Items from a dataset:
----

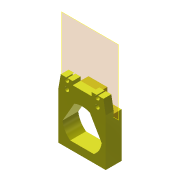
# Autodesk Inventor part: 30_Cube_Z_Focus_MGN_NEMA_adapter
Saved by Autodesk Inventor 2019.4 (Build 234330000, 330)
## iProperties
Created: 2021-04-25
Part Number: 30_Cube_Z_Focus_MGN_NEMA_adapter
Material: Generic
Document SubType Name: Modeling
Designer: diederichbenedict
Density: 1 g/cm^3
Appearance: Smooth - Yellow
Author: diederichbenedict
Autodesk Inventor part; units mm, degrees
ref_plane "YZ Plane" through (0, 0, 0) normal (1, 0, 0) x (0, 1, 0)
ref_plane "XZ Plane" through (0, 0, 0) normal (0, 1, 0) x (-1, 0, 0)
ref_plane "XY Plane" through (0, 0, 0) normal (0, 0, 1) x (1, 0, 0)
ref_plane "Work Plane1" through (0, 0, 0) normal (0, 0, 1) x (1, 0, 0)
sketch "Sketch1" plane through (0, 0, 0) normal (0, 0, 1) x (1, 0, 0)
  circle A0 centre (6.843, -28.9967) radius 1.4 projected
  circle A1 centre (26.1569, -28.9967) radius 1.4 projected
  circle A2 centre (26.1569, -23.9967) radius 1.4 projected
  circle A3 centre (6.843, -23.9967) radius 1.4 projected
  line L0 (0.4643, -12) -> (0, -12) construction
  line L1 (3.1567, -14.6923) -> (0.4643, -12) construction
  line L2 (3.1567, -32.6831) -> (3.1567, -14.6923) construction
  line L3 (10.5294, -32.6831) -> (3.1567, -32.6831) projected
  line L4 (10.5294, -14.6923) -> (10.5294, -32.6831) construction
  line L5 (9, -11) -> (10.5294, -14.6923) construction
  line L6 (2.8, -11) -> (9, -11) construction
  line L7 (2.8, 0) -> (2.8, -11) construction
  line L8 (30.2, 0) -> (2.8, 0) construction
  line L9 (30.2, 0) -> (30.2, -11) construction
  line L10 (24, -11) -> (30.2, -11) construction
  line L11 (24, -11) -> (22.4706, -14.6923) construction
  line L12 (22.4706, -14.6923) -> (22.4706, -32.6831) construction
  line L13 (22.4706, -32.6831) -> (29.8433, -32.6831) projected
  line L14 (29.8433, -32.6831) -> (29.8433, -14.6923) construction
  line L15 (29.8433, -14.6923) -> (32.5357, -12) construction
  line L16 (33, -12) -> (32.5357, -12) construction
  line L17 (33, -12) -> (33, 5) construction
  line L18 (0, 5) -> (0, -12) construction
  circle A4 centre (16.4744, -46.03) radius 10 projected
  circle A5 centre (16.4744, -46.03) radius 12.5
  line L19 (31.4744, -31.03) -> (1.4744, -31.03) construction
  line L20 (1.4744, -31.03) -> (1.4744, -61.03) construction
  line L21 (1.4744, -61.03) -> (31.4744, -61.03) construction
  line L22 (31.4744, -61.03) -> (31.4744, -31.03) construction
  line L23 (31.4744, -31.03) -> (1.4744, -61.03) construction
  line L24 (1.4744, -31.03) -> (31.4744, -61.03) construction
  line L25 (31.4744, -61.03) -> (1.4744, -61.03)
  line L26 (1.4744, -61.03) -> (1.4744, -31.03)
  line L27 (1.4744, -31.03) -> (31.4744, -31.03)
  line L28 (31.4744, -31.03) -> (31.4744, -61.03)
  line L29 (31.4744, -61.03) -> (1.4744, -31.03) construction
  line L30 (1.4744, -61.03) -> (31.4744, -31.03) construction
  line L31 (1.4744, -31.03) -> (3.1567, -21.6555)
  line L32 (3.1567, -21.6555) -> (29.8433, -21.6555)
  line L33 (31.4744, -31.03) -> (29.8433, -21.6555)
  circle A6 centre (15.4444, 14.8) radius 2 projected
  line L34 (19.4444, 18.8) -> (33, 5) projected
  line L35 (11.4444, 18.8) -> (19.4444, 18.8) projected
  line L36 (0, 5) -> (11.4444, 18.8) projected
  circle A7 centre (3.9444, 3.3) radius 1.45 projected
  circle A8 centre (26.9444, 3.3) radius 1.45 projected
  point P0 (0, 0)
  dimension "d0" = 25
  dimension "d1" = 30
  dimension "d2" = 30
  constraints: 30 end point, 4 midpoint, 4 parallel, 3 perpendicular, 2 horizontal, 2 point on line, 1 centre point, 1 coincident
  measures "d0" diameter of A5
  measures "d1" distance of L21.end L20.end
  measures "d2" distance of L20.end L19.end
extrude "Extrusion1" add sketch "Sketch1" along normal blind 5 contours L25 L26 L27 L28 | L27 L31 L32 L33
sketch "Sketch2" plane through (0, 0, 0) normal (0, 0, -1) x (-1, 0, 0)
  circle A0 centre (-16.4744, -46.03) radius 12.5 projected
  circle A1 centre (-16.4744, -46.03) radius 10
  line L0 (-11.5642, -34.5348) -> (-4.0642, -47.5252)
  line L1 (-8.9744, -56.03) -> (-23.9744, -56.03)
  line L2 (-28.8847, -47.5252) -> (-21.3847, -34.5348)
  line L3 (0.4956, -63) -> (-33.4444, -63) projected
  circle A2 centre (-16.4744, -46.03) radius 12.5 projected
  arc A3 (-23.9744, -56.03) -> (-8.9744, -56.03) centre (-16.4744, -46.03) ccw
  arc A4 (-21.3847, -34.5348) -> (-28.8847, -47.5252) centre (-16.4744, -46.03) ccw
  arc A5 (-4.0642, -47.5252) -> (-11.5642, -34.5348) centre (-16.4744, -46.03) ccw
  point P0 (0, 0)
  dimension "d5" = 20
  constraints: 12 point on circle, 6 end point, 4 centre point, 2 coincident, 1 parallel, 1 tangent, 7 other
  measures "d5" diameter of A1
extrude "Extrusion2" add sketch "Sketch2" against normal up to surface (5 mm away) contours A0 L0 | L2 A0 | A0 L1
sketch "Sketch3" plane through (0, 0, 0) normal (0, 0, -1) x (-1, 0, 0)
  line L0 (-30.5357, -14) -> (-24, -14) construction
  line L1 (-30.5357, -14) -> (-29.8433, -14.6923) construction
  line L2 (-29.8433, -14.6923) -> (-29.8433, -32.6831) construction
  line L3 (-29.8433, -32.6831) -> (-22.4706, -32.6831) projected
  line L4 (-22.4706, -32.6831) -> (-10.5294, -32.6831)
  line L5 (-10.5294, -32.6831) -> (-10.5294, -22.0651)
  line L6 (-10.5294, -22.0651) -> (-22.4706, -22.0651)
  line L7 (-22.4706, -22.0651) -> (-22.4706, -32.6831)
  arc A0 (-11.5642, -34.5348) -> (-21.3847, -34.5348) centre (-16.4744, -46.03) ccw projected
  line L8 (-11.5642, -34.5348) -> (-4.0642, -47.5252) projected
  arc A1 (-8.9744, -56.03) -> (-4.0642, -47.5252) centre (-16.4744, -46.03) ccw projected
  line L9 (-8.9744, -56.03) -> (-23.9744, -56.03) projected
  arc A2 (-28.8847, -47.5252) -> (-23.9744, -56.03) centre (-16.4744, -46.03) ccw projected
  line L10 (-28.8847, -47.5252) -> (-21.3847, -34.5348) projected
  circle A3 centre (-6.843, -23.9967) radius 1.4 construction
  circle A4 centre (-26.1569, -23.9967) radius 1.4 construction
  circle A5 centre (-26.1569, -28.9967) radius 1.4 construction
  circle A6 centre (-6.843, -28.9967) radius 1.4 construction
  line L11 (-3.1567, -21.6555) -> (-1.4744, -31.03) construction
  line L12 (-29.8433, -21.6555) -> (-3.1567, -21.6555) construction
  line L13 (-31.4744, -31.03) -> (-29.8433, -21.6555) construction
  line L14 (-31.4744, -61.03) -> (-31.4744, -31.03) construction
  line L15 (-1.4744, -61.03) -> (-31.4744, -61.03) projected
  line L16 (-1.4744, -31.03) -> (-1.4744, -61.03) construction
  line L17 (-31.4744, -32.6831) -> (-29.8433, -32.6831)
  line L18 (-3.1567, -32.6831) -> (-1.4744, -32.6831)
  line L19 (-31.4744, -61.03) -> (-1.4744, -61.03)
  line L20 (-1.4744, -61.03) -> (-1.4744, -32.6831)
  line L21 (-1.4744, -32.6831) -> (-31.4744, -32.6831)
  line L22 (-31.4744, -32.6831) -> (-31.4744, -61.03)
  circle A7 centre (-26.1569, -28.9967) radius 1.4 projected
  circle A8 centre (-26.1569, -23.9967) radius 1.4 projected
  line L23 (-24, -14) -> (-24, -11) projected
  line L24 (-22.4706, -32.6831) -> (-22.4706, -14.6923) projected
  line L25 (-22.4706, -14.6923) -> (-24, -11) projected
  point P0 (0, 0)
  constraints: 20 end point, 4 parallel, 4 point on line, 2 horizontal, 2 perpendicular, 1 collinear
extrude "Extrusion4" add sketch "Sketch3" along normal blind 5 contours L3 L4 L21 L18 L20 L15 L22 L17 | L7 L6 L5 L4
sketch "Sketch4" plane through (3.1567, -21.6555, 0) normal (0, 1, 0) x (1, 0, 0)
  line L0 (-6.8596, 8.2929) -> (32.2101, 8.2929)
  line L1 (32.2101, 8.2929) -> (32.2101, -9.1799)
  line L2 (32.2101, -9.1799) -> (-6.8596, -9.1799)
  line L3 (-6.8596, -9.1799) -> (-6.8596, 8.2929)
  point P0 (-3.1567, 0)
  constraints: 8 end point, 2 parallel, 1 horizontal, 1 perpendicular
extrude "Extrusion5" cut sketch "Sketch4" against normal blind 1
sketch "Sketch5" plane through (0, 0, 5) normal (0, 0, 1) x (1, 0, 0)
  circle A0 centre (6.843, -28.9967) radius 1.4 projected
  circle A1 centre (26.1569, -28.9967) radius 1.4 projected
  line L0 (25.7553, -22.6555) -> (7.2447, -22.6555) projected
  arc A2 (6.4414, -22.6555) -> (7.2447, -22.6555) centre (6.843, -23.9967) ccw projected
  line L1 (6.4414, -22.6555) -> (2.9772, -22.6555) projected
  line L2 (2.9772, -22.6555) -> (1.4744, -31.03) projected
  line L3 (1.4744, -31.03) -> (1.4744, -61.03) projected
  line L4 (1.4744, -61.03) -> (31.4744, -61.03) projected
  line L5 (31.4744, -61.03) -> (31.4744, -31.03) projected
  line L6 (31.4744, -31.03) -> (30.0173, -22.6555) projected
  line L7 (30.0173, -22.6555) -> (26.5586, -22.6555) projected
  arc A3 (25.7553, -22.6555) -> (26.5586, -22.6555) centre (26.1569, -23.9967) ccw projected
  arc A4 (23.9744, -56.03) -> (28.8847, -47.5252) centre (16.4744, -46.03) ccw projected
  line L8 (8.9744, -56.03) -> (23.9744, -56.03) projected
  arc A5 (4.0642, -47.5252) -> (8.9744, -56.03) centre (16.4744, -46.03) ccw projected
  line L9 (11.5642, -34.5348) -> (4.0642, -47.5252) projected
  arc A6 (21.3847, -34.5348) -> (11.5642, -34.5348) centre (16.4744, -46.03) ccw projected
  line L10 (28.8847, -47.5252) -> (21.3847, -34.5348) projected
  line L11 (10.5294, -20.3437) -> (22.4706, -20.3437)
  line L12 (22.4706, -20.3437) -> (22.4706, -24.9674)
  line L13 (22.4706, -24.9674) -> (10.5294, -24.9674)
  line L14 (10.5294, -24.9674) -> (10.5294, -20.3437)
  line L15 (10.5294, -22.6555) -> (22.4706, -22.6555) projected
  line L16 (10.5294, -20.3437) -> (22.4706, -24.9674) construction
  line L17 (22.4706, -20.3437) -> (10.5294, -24.9674) construction
  point P0 (0, 0)
  point P1 (16.5, -22.6555)
  constraints: 12 end point, 3 midpoint, 3 parallel, 1 perpendicular
extrude "Extrusion6" cut sketch "Sketch5" against normal through all contours L12 L13 L14 L0 | L0 L14 L11 L12
body "Solid1"

----

» **REQUIRED WORK**
Set down exactly the lines from the start of the records through the line containing "line L17 (33, -12) -> (33, 5) construction", both included, and omit the pictures.

» **TASK RESPONSE**
# Autodesk Inventor part: 30_Cube_Z_Focus_MGN_NEMA_adapter
Saved by Autodesk Inventor 2019.4 (Build 234330000, 330)
## iProperties
Created: 2021-04-25
Part Number: 30_Cube_Z_Focus_MGN_NEMA_adapter
Material: Generic
Document SubType Name: Modeling
Designer: diederichbenedict
Density: 1 g/cm^3
Appearance: Smooth - Yellow
Author: diederichbenedict
Autodesk Inventor part; units mm, degrees
ref_plane "YZ Plane" through (0, 0, 0) normal (1, 0, 0) x (0, 1, 0)
ref_plane "XZ Plane" through (0, 0, 0) normal (0, 1, 0) x (-1, 0, 0)
ref_plane "XY Plane" through (0, 0, 0) normal (0, 0, 1) x (1, 0, 0)
ref_plane "Work Plane1" through (0, 0, 0) normal (0, 0, 1) x (1, 0, 0)
sketch "Sketch1" plane through (0, 0, 0) normal (0, 0, 1) x (1, 0, 0)
  circle A0 centre (6.843, -28.9967) radius 1.4 projected
  circle A1 centre (26.1569, -28.9967) radius 1.4 projected
  circle A2 centre (26.1569, -23.9967) radius 1.4 projected
  circle A3 centre (6.843, -23.9967) radius 1.4 projected
  line L0 (0.4643, -12) -> (0, -12) construction
  line L1 (3.1567, -14.6923) -> (0.4643, -12) construction
  line L2 (3.1567, -32.6831) -> (3.1567, -14.6923) construction
  line L3 (10.5294, -32.6831) -> (3.1567, -32.6831) projected
  line L4 (10.5294, -14.6923) -> (10.5294, -32.6831) construction
  line L5 (9, -11) -> (10.5294, -14.6923) construction
  line L6 (2.8, -11) -> (9, -11) construction
  line L7 (2.8, 0) -> (2.8, -11) construction
  line L8 (30.2, 0) -> (2.8, 0) construction
  line L9 (30.2, 0) -> (30.2, -11) construction
  line L10 (24, -11) -> (30.2, -11) construction
  line L11 (24, -11) -> (22.4706, -14.6923) construction
  line L12 (22.4706, -14.6923) -> (22.4706, -32.6831) construction
  line L13 (22.4706, -32.6831) -> (29.8433, -32.6831) projected
  line L14 (29.8433, -32.6831) -> (29.8433, -14.6923) construction
  line L15 (29.8433, -14.6923) -> (32.5357, -12) construction
  line L16 (33, -12) -> (32.5357, -12) construction
  line L17 (33, -12) -> (33, 5) construction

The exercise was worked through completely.